UPA govt has made CBI political tool: Advani
UPA govt has made CBI political tool: Advani
BJP leader slams decision to remove Quattrocchi from wanted list.

Gandhinagar: Bharatiya Janata Party (BJP) leader L K Advani said on Tuesday that the Central Bureau of Investigation's (CBI) decision to remove Italian businessman Ottavio Quattrocchi, the lone surviving suspect in the Bofors gun payoff case, from its list of wanted persons reveals that the Congress was not confident of coming back to power.

"Manmohan Singh's party wanted to remove his name from the list. The decision to remove from the list indicates they think their party will not come back to power after the elections.
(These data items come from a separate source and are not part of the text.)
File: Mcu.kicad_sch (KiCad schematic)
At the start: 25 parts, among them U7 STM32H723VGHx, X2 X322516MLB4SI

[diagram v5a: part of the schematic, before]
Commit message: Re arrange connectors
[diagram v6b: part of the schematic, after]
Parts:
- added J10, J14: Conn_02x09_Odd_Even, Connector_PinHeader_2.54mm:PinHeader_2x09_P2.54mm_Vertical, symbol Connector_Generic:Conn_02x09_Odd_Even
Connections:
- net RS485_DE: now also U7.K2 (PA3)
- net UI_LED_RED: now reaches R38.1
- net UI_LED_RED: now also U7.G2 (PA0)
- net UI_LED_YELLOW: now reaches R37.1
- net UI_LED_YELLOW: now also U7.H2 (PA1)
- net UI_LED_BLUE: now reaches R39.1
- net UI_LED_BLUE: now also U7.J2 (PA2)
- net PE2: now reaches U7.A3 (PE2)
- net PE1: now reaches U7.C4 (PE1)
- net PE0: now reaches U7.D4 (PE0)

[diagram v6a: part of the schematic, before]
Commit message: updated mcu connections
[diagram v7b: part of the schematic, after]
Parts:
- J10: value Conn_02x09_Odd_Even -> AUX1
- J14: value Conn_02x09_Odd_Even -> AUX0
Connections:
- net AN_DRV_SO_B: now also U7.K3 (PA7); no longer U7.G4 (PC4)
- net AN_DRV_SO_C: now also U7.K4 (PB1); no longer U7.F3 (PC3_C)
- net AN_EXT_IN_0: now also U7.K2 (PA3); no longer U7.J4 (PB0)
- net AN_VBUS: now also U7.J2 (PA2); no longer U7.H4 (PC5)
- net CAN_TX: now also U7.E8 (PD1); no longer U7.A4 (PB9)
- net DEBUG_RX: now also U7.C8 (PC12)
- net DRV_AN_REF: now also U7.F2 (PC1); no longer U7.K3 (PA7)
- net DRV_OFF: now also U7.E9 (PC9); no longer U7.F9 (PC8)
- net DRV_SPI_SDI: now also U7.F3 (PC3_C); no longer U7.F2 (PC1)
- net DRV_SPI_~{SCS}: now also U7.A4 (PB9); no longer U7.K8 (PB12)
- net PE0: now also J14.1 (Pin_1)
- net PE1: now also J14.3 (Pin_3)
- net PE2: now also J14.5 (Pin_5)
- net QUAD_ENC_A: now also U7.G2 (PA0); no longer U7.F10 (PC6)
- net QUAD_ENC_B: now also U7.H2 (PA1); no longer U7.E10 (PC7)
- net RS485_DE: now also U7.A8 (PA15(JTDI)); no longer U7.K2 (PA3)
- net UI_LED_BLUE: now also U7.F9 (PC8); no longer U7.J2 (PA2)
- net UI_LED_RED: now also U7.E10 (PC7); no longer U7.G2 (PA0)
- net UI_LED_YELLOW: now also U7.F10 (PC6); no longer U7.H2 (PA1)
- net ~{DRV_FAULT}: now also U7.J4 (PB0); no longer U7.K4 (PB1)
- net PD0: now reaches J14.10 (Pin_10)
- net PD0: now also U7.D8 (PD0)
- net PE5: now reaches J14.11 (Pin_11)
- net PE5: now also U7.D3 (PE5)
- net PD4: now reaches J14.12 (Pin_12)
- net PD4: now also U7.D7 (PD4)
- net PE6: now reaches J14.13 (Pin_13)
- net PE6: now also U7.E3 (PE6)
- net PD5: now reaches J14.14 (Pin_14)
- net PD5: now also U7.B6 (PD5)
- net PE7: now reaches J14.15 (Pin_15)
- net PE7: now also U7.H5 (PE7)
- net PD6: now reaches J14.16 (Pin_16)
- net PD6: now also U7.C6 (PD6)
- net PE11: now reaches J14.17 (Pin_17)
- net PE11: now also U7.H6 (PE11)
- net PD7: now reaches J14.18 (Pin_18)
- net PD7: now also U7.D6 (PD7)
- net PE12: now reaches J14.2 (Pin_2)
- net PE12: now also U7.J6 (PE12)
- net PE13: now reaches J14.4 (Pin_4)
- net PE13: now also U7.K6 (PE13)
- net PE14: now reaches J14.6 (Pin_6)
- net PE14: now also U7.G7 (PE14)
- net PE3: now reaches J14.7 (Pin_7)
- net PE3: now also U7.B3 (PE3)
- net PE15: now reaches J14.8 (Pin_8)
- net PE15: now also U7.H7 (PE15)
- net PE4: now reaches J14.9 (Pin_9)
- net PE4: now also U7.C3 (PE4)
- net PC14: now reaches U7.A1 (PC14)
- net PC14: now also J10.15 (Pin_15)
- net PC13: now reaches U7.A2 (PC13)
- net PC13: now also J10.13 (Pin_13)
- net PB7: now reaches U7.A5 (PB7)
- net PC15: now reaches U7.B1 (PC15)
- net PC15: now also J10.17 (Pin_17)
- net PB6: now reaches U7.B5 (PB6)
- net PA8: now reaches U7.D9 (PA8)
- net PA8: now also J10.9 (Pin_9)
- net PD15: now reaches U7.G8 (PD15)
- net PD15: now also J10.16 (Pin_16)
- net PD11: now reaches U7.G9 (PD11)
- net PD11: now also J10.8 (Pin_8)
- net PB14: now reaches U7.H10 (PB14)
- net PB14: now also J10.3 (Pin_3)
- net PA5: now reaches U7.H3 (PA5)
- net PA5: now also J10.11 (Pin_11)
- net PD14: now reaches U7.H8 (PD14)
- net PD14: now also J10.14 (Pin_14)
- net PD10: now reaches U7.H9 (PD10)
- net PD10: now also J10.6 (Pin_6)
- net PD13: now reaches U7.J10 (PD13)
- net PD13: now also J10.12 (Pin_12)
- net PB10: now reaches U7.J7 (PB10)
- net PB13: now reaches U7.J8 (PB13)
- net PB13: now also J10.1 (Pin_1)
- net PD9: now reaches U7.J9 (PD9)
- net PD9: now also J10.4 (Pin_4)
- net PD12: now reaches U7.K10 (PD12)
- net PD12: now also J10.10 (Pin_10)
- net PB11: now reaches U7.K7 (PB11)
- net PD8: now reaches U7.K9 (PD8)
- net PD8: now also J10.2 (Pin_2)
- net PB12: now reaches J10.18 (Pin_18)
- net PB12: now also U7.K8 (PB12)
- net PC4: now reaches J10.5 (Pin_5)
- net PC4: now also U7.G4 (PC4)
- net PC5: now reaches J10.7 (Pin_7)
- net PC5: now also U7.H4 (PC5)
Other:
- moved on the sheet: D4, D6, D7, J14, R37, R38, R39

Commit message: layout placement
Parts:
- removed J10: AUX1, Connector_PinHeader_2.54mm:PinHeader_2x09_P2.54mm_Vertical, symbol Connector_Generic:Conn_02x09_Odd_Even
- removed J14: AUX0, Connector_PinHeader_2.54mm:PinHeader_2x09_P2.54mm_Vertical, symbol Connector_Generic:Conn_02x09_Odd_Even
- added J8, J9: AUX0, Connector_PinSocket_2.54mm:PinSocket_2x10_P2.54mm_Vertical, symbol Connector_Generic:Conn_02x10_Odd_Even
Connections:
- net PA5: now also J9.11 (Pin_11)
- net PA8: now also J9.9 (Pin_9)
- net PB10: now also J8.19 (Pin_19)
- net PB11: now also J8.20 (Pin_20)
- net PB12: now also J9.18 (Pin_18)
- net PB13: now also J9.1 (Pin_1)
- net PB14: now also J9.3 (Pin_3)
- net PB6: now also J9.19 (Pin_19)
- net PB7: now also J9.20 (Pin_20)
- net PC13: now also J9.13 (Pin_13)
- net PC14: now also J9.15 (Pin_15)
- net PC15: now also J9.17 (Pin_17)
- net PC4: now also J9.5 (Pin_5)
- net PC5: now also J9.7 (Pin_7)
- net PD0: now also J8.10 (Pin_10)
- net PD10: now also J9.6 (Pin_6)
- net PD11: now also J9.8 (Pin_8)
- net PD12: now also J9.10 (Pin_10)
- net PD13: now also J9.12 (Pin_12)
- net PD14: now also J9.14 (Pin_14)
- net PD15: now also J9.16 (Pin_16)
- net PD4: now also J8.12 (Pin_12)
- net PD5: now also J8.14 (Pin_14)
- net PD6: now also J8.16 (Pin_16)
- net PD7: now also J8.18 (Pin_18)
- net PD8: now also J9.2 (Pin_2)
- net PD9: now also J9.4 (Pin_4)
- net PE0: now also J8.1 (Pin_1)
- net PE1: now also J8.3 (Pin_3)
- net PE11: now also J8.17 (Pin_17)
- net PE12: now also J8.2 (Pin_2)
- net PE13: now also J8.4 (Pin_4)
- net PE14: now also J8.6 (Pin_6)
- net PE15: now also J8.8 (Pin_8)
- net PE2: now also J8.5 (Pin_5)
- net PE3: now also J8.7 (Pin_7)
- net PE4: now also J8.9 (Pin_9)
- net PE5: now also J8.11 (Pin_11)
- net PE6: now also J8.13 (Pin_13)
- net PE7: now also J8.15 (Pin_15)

I condemn the government's decision," Advani said.

Addressing a press conference in his constituency, the BJP's prime ministerial candidate said: "Rajiv Gandhi's party secured a majority in the 1984 elections but because of Bofors it lost power in the next elections.

"Quattrocchi was considered close to Congress president Sonia Gandhi and he was allowed to run away when (the P V) Narasimha Rao government was in power.

"Later, he was declared wanted by the CBI. Though he was arrested in Argentina, his accounts were de-freezed and he was allowed to take the money and efforts were made to wind up the case."

"If Quattrochi's name is deleted from the wanted list, this would be the last nail in the coffin of the judicial process in the Bofors scandal," he added.

Advani also accused the Congress-led United Progressive Alliance (UPA) of using the CBI for political purpose.

"In the past five years, an important organisation such as the CBI had been used by the UPA government for political purposes. I hold both Prime Minister Manmohan Singh and Sonia Gandhi responsible for this," he said.

The case against Quattrocchi, known to be close to the late Rajiv Gandhi, who was prime minister in 1987 when the bribery scandal broke, and his wife Sonia, has taken tortuous twists and turns after he was named in a CBI chargesheet as the conduit for the Bofors bribe in 1999.

But he has managed to evade interrogation.

The nearest the CBI came to him was in February 2007 when Quattrocchi was detained in Argentina on the basis of an Interpol warrant.

But the CBI took time in translating documents that were to be presented in the designated court there and also put up a half-hearted effort for his extradition. It finally lost the case for his extradition four months later.